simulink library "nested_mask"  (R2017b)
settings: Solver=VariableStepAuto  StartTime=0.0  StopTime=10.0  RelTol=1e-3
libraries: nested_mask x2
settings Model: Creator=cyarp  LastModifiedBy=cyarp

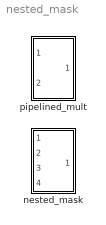
== system nested_mask ==
  nested_mask : Subsystem  mask{mul=0, ad=0}
      mask prompts: mul "Mult Delay"; ad "Add Delay"
  pipelined_mult : Subsystem  mask{mult_delay=0}
      mask prompts: mult_delay "Multiplication Delay"

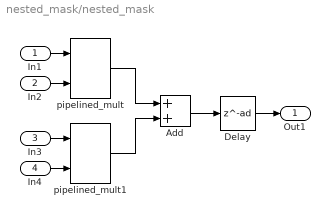
== system nested_mask/nested_mask ==
  In1 : Inport
  In2 : Inport  Port=2
  In3 : Inport  Port=3
  In4 : Inport  Port=4
  Add : Sum
  Delay : Delay  DelayLength=ad
  pipelined_mult : nested_mask/pipelined_mult  mult_delay=mul+1
  pipelined_mult1 : nested_mask/pipelined_mult  mult_delay=mul+1
  Out1 : Outport
  wires:
  In4/1 -> pipelined_mult1/2
  pipelined_mult/1 -> Add/1
  In2/1 -> pipelined_mult/2
  In1/1 -> pipelined_mult/1
  Delay/1 -> Out1/1
  Add/1 -> Delay/1
  In3/1 -> pipelined_mult1/1
  pipelined_mult1/1 -> Add/2

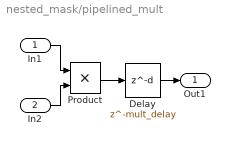
== system nested_mask/pipelined_mult ==
  In1 : Inport
  In2 : Inport  Port=2
  Delay : Delay  DelayLength=mult_delay  InitialCondition=0
  Product : Product
  Out1 : Outport
  wires:
  Product/1 -> Delay/1
  In2/1 -> Product/2
  Delay/1 -> Out1/1
  In1/1 -> Product/1

----

▶ _EXERCISE OBJECTIVE_:
The reply should hold an exact repeat of the entries from their opening line through the line with "nested_mask : Subsystem", and no pictures at all.

▶ _ANSWER_:
simulink library "nested_mask"  (R2017b)
settings: Solver=VariableStepAuto  StartTime=0.0  StopTime=10.0  RelTol=1e-3
libraries: nested_mask x2
settings Model: Creator=cyarp  LastModifiedBy=cyarp

== system nested_mask ==
  nested_mask : Subsystem  mask{mul=0, ad=0}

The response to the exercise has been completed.